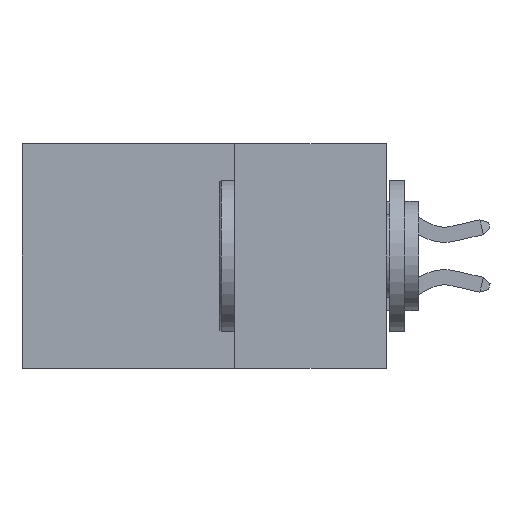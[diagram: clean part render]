
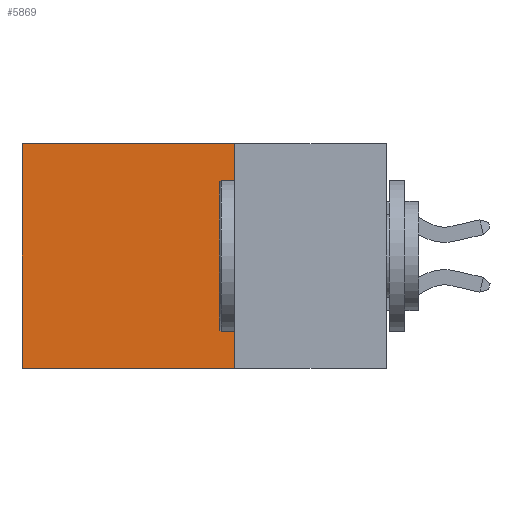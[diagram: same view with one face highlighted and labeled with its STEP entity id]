
A CAD part, left-side view. The second image highlights one B-rep face of the part: STEP entity #5869.
In plain terms, the highlighted planar face has unit normal (-1, 0, 0).
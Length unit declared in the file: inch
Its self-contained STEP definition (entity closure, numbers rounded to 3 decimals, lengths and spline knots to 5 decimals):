
#654 = DIRECTION ( 'NONE',  ( 0., 0., -1. ) ) ;
#1682 = LINE ( 'NONE', #12158, #7388 ) ;
#1691 = VECTOR ( 'NONE', #654, 39.37008 ) ;
#2276 = LINE ( 'NONE', #7933, #1691 ) ;
#3022 = LINE ( 'NONE', #18490, #15881 ) ;
#3556 = CARTESIAN_POINT ( 'NONE',  ( 0.298, 0.25, 0. ) ) ;
#4136 = VERTEX_POINT ( 'NONE', #5025 ) ;
#4574 = ORIENTED_EDGE ( 'NONE', *, *, #16678, .T. ) ;
#5025 = CARTESIAN_POINT ( 'NONE',  ( 0.298, 0.6, 0. ) ) ;
#5573 = ORIENTED_EDGE ( 'NONE', *, *, #23610, .F. ) ;
#5869 = ADVANCED_FACE ( 'NONE', ( #18808 ), #17202, .F. ) ;
#6261 = VERTEX_POINT ( 'NONE', #14687 ) ;
#7388 = VECTOR ( 'NONE', #21328, 39.37008 ) ;
#7933 = CARTESIAN_POINT ( 'NONE',  ( 0.298, 0.6, 0. ) ) ;
#7949 = ORIENTED_EDGE ( 'NONE', *, *, #20199, .F. ) ;
#8004 = VECTOR ( 'NONE', #16326, 39.37008 ) ;
#8086 = CARTESIAN_POINT ( 'NONE',  ( 0.298, 0.25, 0. ) ) ;
#8126 = CARTESIAN_POINT ( 'NONE',  ( 0.298, 0.25, -0.37 ) ) ;
#10122 = DIRECTION ( 'NONE',  ( 1., 0., 0. ) ) ;
#10504 = CARTESIAN_POINT ( 'NONE',  ( 0.298, 0.6, -0.37 ) ) ;
#12158 = CARTESIAN_POINT ( 'NONE',  ( 0.298, 0.25, -0.37 ) ) ;
#13240 = VERTEX_POINT ( 'NONE', #10504 ) ;
#13486 = LINE ( 'NONE', #3556, #8004 ) ;
#14687 = CARTESIAN_POINT ( 'NONE',  ( 0.298, 0.25, 0. ) ) ;
#15881 = VECTOR ( 'NONE', #22303, 39.37008 ) ;
#16326 = DIRECTION ( 'NONE',  ( 0., 1., 0. ) ) ;
#16339 = AXIS2_PLACEMENT_3D ( 'NONE', #8086, #10122, #19187 ) ;
#16678 = EDGE_CURVE ( 'NONE', #4136, #13240, #2276, .T. ) ;
#17202 = PLANE ( 'NONE',  #16339 ) ;
#17415 = ORIENTED_EDGE ( 'NONE', *, *, #22719, .T. ) ;
#17672 = EDGE_LOOP ( 'NONE', ( #4574, #5573, #7949, #17415 ) ) ;
#18490 = CARTESIAN_POINT ( 'NONE',  ( 0.298, 0.25, 0. ) ) ;
#18808 = FACE_OUTER_BOUND ( 'NONE', #17672, .T. ) ;
#19187 = DIRECTION ( 'NONE',  ( 0., 0., -1. ) ) ;
#20199 = EDGE_CURVE ( 'NONE', #6261, #21249, #3022, .T. ) ;
#21249 = VERTEX_POINT ( 'NONE', #8126 ) ;
#21328 = DIRECTION ( 'NONE',  ( 0., 1., 0. ) ) ;
#22303 = DIRECTION ( 'NONE',  ( 0., 0., -1. ) ) ;
#22719 = EDGE_CURVE ( 'NONE', #6261, #4136, #13486, .T. ) ;
#23610 = EDGE_CURVE ( 'NONE', #21249, #13240, #1682, .T. ) ;
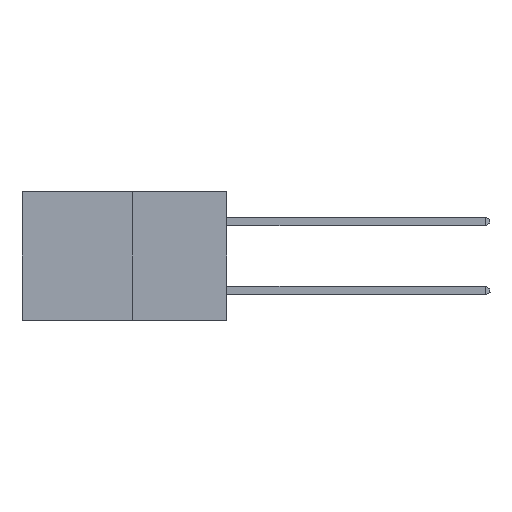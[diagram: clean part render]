
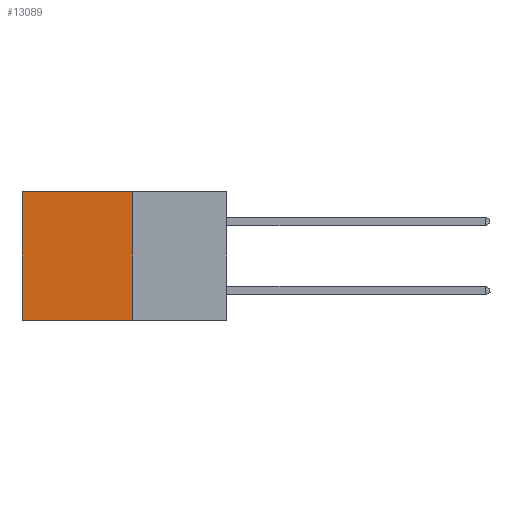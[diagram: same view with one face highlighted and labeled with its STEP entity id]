
A CAD part, left-side view. The second image highlights one B-rep face of the part: STEP entity #13089.
In plain terms, the highlighted planar face has unit normal (-1, 0, 0).
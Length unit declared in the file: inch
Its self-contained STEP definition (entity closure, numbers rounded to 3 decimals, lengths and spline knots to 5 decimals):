
#17 = CARTESIAN_POINT ( 'NONE',  ( 0.277, 0.59, -0.37 ) ) ;
#531 = VERTEX_POINT ( 'NONE', #10352 ) ;
#862 = AXIS2_PLACEMENT_3D ( 'NONE', #14425, #13298, #6173 ) ;
#928 = CARTESIAN_POINT ( 'NONE',  ( 0.277, 0.27, 0. ) ) ;
#1004 = LINE ( 'NONE', #928, #13032 ) ;
#1318 = EDGE_CURVE ( 'NONE', #13870, #5746, #11694, .T. ) ;
#1964 = CARTESIAN_POINT ( 'NONE',  ( 0.277, 0.27, -0.37 ) ) ;
#2699 = ORIENTED_EDGE ( 'NONE', *, *, #1318, .F. ) ;
#2981 = VERTEX_POINT ( 'NONE', #7861 ) ;
#3408 = DIRECTION ( 'NONE',  ( 0., 1., 0. ) ) ;
#4087 = EDGE_CURVE ( 'NONE', #531, #13870, #15410, .T. ) ;
#4103 = LINE ( 'NONE', #10130, #10038 ) ;
#5746 = VERTEX_POINT ( 'NONE', #17 ) ;
#6173 = DIRECTION ( 'NONE',  ( 0., 0., -1. ) ) ;
#6360 = VECTOR ( 'NONE', #10459, 39.37008 ) ;
#7861 = CARTESIAN_POINT ( 'NONE',  ( 0.277, 0.59, 0. ) ) ;
#8120 = VECTOR ( 'NONE', #9360, 39.37008 ) ;
#8259 = ORIENTED_EDGE ( 'NONE', *, *, #11142, .T. ) ;
#9360 = DIRECTION ( 'NONE',  ( 0., 1., 0. ) ) ;
#9446 = ORIENTED_EDGE ( 'NONE', *, *, #11350, .T. ) ;
#9832 = CARTESIAN_POINT ( 'NONE',  ( 0.277, 0.27, -0.37 ) ) ;
#10038 = VECTOR ( 'NONE', #11361, 39.37008 ) ;
#10082 = EDGE_LOOP ( 'NONE', ( #8259, #2699, #12784, #9446 ) ) ;
#10130 = CARTESIAN_POINT ( 'NONE',  ( 0.277, 0.59, -0.37 ) ) ;
#10352 = CARTESIAN_POINT ( 'NONE',  ( 0.277, 0.27, 0. ) ) ;
#10459 = DIRECTION ( 'NONE',  ( 0., 0., -1. ) ) ;
#10544 = FACE_OUTER_BOUND ( 'NONE', #10082, .T. ) ;
#11142 = EDGE_CURVE ( 'NONE', #2981, #5746, #4103, .T. ) ;
#11350 = EDGE_CURVE ( 'NONE', #531, #2981, #1004, .T. ) ;
#11361 = DIRECTION ( 'NONE',  ( 0., 0., -1. ) ) ;
#11503 = CARTESIAN_POINT ( 'NONE',  ( 0.277, 0.27, -0.37 ) ) ;
#11694 = LINE ( 'NONE', #11503, #8120 ) ;
#12128 = PLANE ( 'NONE',  #862 ) ;
#12784 = ORIENTED_EDGE ( 'NONE', *, *, #4087, .F. ) ;
#13032 = VECTOR ( 'NONE', #3408, 39.37008 ) ;
#13089 = ADVANCED_FACE ( 'NONE', ( #10544 ), #12128, .F. ) ;
#13298 = DIRECTION ( 'NONE',  ( 1., 0., 0. ) ) ;
#13870 = VERTEX_POINT ( 'NONE', #9832 ) ;
#14425 = CARTESIAN_POINT ( 'NONE',  ( 0.277, 0.27, -0.37 ) ) ;
#15410 = LINE ( 'NONE', #1964, #6360 ) ;
══════════
All that is wanted is each line, word for word, from the first line of the data to the one holding "#4574 = ORIENTED_EDGE", with the pictures left out.

RESPONSE TO THIS TASK:
[diagram: clean part render]
[diagram: same view with one face highlighted and labeled with its STEP entity id]
A CAD part, left-side view. The second image highlights one B-rep face of the part: STEP entity #5869.
In plain terms, the highlighted planar face has unit normal (-1, 0, 0).
Length unit declared in the file: inch
Its self-contained STEP definition (entity closure, numbers rounded to 3 decimals, lengths and spline knots to 5 decimals):
#654 = DIRECTION ( 'NONE',  ( 0., 0., -1. ) ) ;
#1682 = LINE ( 'NONE', #12158, #7388 ) ;
#1691 = VECTOR ( 'NONE', #654, 39.37008 ) ;
#2276 = LINE ( 'NONE', #7933, #1691 ) ;
#3022 = LINE ( 'NONE', #18490, #15881 ) ;
#3556 = CARTESIAN_POINT ( 'NONE',  ( 0.298, 0.25, 0. ) ) ;
#4136 = VERTEX_POINT ( 'NONE', #5025 ) ;
#4574 = ORIENTED_EDGE ( 'NONE', *, *, #16678, .T. ) ;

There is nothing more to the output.